Please print every line from the one containing "Subsystem1/15(x_l) -> [x_l]" through the last line of the records below, exactly as written and nothing more.

--- Supplied material ---

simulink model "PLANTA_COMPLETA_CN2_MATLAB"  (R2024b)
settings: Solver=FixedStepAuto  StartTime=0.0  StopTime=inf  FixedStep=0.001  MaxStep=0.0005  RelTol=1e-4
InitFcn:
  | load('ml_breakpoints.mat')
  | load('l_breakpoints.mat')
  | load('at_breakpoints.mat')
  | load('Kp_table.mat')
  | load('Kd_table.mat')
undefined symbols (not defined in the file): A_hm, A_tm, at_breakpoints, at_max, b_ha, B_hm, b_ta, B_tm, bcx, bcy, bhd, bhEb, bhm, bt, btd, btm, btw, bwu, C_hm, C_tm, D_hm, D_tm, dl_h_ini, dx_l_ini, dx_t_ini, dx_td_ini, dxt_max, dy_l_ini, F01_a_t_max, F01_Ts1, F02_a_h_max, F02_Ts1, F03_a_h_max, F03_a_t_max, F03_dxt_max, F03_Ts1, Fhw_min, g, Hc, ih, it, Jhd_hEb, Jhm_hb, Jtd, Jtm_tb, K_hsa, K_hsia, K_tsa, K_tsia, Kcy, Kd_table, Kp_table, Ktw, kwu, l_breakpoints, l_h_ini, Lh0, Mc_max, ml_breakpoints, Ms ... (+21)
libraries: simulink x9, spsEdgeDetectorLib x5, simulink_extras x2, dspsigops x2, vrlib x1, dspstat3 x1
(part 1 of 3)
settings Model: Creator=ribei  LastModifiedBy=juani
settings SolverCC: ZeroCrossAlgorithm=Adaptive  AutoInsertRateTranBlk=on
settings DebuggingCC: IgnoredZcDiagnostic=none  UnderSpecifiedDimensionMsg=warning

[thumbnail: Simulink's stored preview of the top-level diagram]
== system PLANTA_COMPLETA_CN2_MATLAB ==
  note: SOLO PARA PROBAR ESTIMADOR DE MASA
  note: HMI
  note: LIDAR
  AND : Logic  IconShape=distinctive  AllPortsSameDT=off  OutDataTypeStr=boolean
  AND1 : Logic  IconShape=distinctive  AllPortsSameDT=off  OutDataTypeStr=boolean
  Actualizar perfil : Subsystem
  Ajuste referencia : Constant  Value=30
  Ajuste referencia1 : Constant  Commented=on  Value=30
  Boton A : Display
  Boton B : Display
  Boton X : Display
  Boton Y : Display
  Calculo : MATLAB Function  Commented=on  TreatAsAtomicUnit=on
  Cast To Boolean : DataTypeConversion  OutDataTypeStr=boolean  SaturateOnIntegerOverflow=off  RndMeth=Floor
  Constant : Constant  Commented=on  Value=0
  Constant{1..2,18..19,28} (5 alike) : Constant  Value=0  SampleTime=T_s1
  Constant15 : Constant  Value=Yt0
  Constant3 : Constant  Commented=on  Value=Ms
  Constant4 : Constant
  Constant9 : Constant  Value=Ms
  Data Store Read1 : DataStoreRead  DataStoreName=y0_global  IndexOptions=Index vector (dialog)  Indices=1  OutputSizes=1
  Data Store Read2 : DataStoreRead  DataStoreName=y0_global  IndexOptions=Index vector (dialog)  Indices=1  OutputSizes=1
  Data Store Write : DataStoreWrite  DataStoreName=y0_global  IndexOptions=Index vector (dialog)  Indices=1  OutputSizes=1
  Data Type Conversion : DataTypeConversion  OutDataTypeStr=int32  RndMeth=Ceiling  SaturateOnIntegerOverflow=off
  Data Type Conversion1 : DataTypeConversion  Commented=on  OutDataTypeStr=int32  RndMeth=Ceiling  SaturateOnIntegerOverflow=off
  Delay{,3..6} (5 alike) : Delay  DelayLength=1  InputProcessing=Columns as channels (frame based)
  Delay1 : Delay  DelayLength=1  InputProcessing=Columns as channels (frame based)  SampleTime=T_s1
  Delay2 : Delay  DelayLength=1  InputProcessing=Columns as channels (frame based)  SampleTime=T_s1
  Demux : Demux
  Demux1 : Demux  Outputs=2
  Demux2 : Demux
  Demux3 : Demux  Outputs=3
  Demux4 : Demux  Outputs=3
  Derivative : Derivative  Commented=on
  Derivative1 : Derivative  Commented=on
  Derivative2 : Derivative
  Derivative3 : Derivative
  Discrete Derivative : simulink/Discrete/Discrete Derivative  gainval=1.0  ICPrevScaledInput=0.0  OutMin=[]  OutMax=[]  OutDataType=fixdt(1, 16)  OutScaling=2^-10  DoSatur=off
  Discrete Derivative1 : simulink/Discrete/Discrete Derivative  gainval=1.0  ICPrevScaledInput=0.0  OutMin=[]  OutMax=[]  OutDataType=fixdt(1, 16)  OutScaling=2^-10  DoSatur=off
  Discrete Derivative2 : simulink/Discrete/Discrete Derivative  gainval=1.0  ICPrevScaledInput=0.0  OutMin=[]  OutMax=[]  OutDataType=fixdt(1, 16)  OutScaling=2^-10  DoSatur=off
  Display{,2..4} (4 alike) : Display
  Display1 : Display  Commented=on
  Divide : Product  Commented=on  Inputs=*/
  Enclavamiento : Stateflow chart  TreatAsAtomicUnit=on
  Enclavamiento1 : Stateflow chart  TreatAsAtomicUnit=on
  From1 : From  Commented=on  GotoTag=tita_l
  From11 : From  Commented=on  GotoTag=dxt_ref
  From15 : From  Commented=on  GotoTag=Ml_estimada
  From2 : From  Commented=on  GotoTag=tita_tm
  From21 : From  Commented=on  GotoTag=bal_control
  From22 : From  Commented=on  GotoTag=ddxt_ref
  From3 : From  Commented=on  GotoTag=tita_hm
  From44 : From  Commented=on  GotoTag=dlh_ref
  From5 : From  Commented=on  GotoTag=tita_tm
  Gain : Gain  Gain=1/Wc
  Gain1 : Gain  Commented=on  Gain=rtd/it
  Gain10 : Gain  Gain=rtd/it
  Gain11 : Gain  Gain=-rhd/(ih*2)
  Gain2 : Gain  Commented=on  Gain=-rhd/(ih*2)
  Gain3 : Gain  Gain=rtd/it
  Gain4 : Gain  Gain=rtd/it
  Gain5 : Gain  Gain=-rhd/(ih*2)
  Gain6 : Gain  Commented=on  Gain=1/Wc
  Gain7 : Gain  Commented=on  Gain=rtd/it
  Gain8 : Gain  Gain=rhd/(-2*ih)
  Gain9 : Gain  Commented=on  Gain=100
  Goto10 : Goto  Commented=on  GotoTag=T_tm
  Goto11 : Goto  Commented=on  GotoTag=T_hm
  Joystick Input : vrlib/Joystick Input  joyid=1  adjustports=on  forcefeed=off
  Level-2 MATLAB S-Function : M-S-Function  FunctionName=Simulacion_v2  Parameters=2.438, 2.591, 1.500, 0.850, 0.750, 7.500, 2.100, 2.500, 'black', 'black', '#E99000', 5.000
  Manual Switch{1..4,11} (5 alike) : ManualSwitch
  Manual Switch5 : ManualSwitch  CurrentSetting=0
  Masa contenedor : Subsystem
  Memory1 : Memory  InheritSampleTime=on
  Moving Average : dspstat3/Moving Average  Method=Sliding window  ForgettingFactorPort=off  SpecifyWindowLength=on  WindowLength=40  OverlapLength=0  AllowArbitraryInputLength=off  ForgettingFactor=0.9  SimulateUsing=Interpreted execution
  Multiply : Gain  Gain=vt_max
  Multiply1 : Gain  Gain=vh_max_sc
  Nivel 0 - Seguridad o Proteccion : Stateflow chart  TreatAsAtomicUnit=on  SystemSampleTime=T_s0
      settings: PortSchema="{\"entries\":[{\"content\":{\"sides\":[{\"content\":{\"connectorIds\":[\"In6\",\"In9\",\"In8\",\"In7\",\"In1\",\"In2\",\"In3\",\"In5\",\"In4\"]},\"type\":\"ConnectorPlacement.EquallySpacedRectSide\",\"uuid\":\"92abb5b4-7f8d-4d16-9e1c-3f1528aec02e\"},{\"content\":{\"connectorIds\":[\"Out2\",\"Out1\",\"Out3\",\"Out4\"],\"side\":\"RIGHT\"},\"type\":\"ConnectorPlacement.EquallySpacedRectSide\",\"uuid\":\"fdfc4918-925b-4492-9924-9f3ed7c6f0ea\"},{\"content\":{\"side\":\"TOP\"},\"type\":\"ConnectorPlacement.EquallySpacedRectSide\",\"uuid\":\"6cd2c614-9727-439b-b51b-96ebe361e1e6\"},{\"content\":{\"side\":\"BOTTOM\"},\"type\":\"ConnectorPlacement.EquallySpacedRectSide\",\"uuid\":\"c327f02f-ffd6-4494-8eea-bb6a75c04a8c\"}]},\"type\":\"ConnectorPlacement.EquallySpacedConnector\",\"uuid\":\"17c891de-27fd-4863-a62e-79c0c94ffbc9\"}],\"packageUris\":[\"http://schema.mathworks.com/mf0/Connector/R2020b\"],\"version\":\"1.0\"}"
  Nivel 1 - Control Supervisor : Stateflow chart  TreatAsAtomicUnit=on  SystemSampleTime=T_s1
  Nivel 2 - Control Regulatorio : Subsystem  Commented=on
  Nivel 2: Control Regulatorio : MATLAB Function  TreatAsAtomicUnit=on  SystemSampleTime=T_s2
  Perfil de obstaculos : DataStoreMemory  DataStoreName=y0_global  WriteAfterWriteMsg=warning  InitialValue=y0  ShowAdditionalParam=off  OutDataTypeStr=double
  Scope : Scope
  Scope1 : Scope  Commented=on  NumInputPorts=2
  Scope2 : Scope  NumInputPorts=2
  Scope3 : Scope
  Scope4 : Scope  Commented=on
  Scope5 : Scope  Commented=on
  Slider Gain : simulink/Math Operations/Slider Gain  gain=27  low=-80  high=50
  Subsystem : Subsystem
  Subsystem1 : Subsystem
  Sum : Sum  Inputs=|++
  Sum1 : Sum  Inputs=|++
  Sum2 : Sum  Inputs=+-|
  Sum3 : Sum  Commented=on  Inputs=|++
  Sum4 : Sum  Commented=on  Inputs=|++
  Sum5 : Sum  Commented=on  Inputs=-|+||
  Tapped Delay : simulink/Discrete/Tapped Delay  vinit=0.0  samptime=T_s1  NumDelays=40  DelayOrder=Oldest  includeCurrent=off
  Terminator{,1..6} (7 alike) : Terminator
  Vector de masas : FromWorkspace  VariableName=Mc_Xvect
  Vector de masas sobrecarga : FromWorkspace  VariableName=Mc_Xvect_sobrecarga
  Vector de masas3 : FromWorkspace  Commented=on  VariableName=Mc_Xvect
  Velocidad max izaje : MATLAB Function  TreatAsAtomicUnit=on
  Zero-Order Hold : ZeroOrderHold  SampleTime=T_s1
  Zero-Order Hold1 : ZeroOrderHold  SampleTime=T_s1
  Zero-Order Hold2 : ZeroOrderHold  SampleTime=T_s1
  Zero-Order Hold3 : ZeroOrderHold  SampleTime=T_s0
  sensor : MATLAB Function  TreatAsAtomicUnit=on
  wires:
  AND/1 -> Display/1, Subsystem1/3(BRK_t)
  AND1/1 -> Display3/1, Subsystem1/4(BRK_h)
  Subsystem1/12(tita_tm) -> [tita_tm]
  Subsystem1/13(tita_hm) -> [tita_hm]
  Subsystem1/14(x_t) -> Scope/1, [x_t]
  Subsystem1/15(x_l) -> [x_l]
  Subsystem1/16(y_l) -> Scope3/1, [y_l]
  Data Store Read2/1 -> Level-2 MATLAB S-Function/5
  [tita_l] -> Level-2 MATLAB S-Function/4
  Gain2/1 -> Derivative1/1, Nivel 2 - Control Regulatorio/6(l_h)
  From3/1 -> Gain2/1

---

■ Task response:
  Subsystem1/15(x_l) -> [x_l]
  Subsystem1/16(y_l) -> Scope3/1, [y_l]
  Data Store Read2/1 -> Level-2 MATLAB S-Function/5
  [tita_l] -> Level-2 MATLAB S-Function/4
  Gain2/1 -> Derivative1/1, Nivel 2 - Control Regulatorio/6(l_h)
  From3/1 -> Gain2/1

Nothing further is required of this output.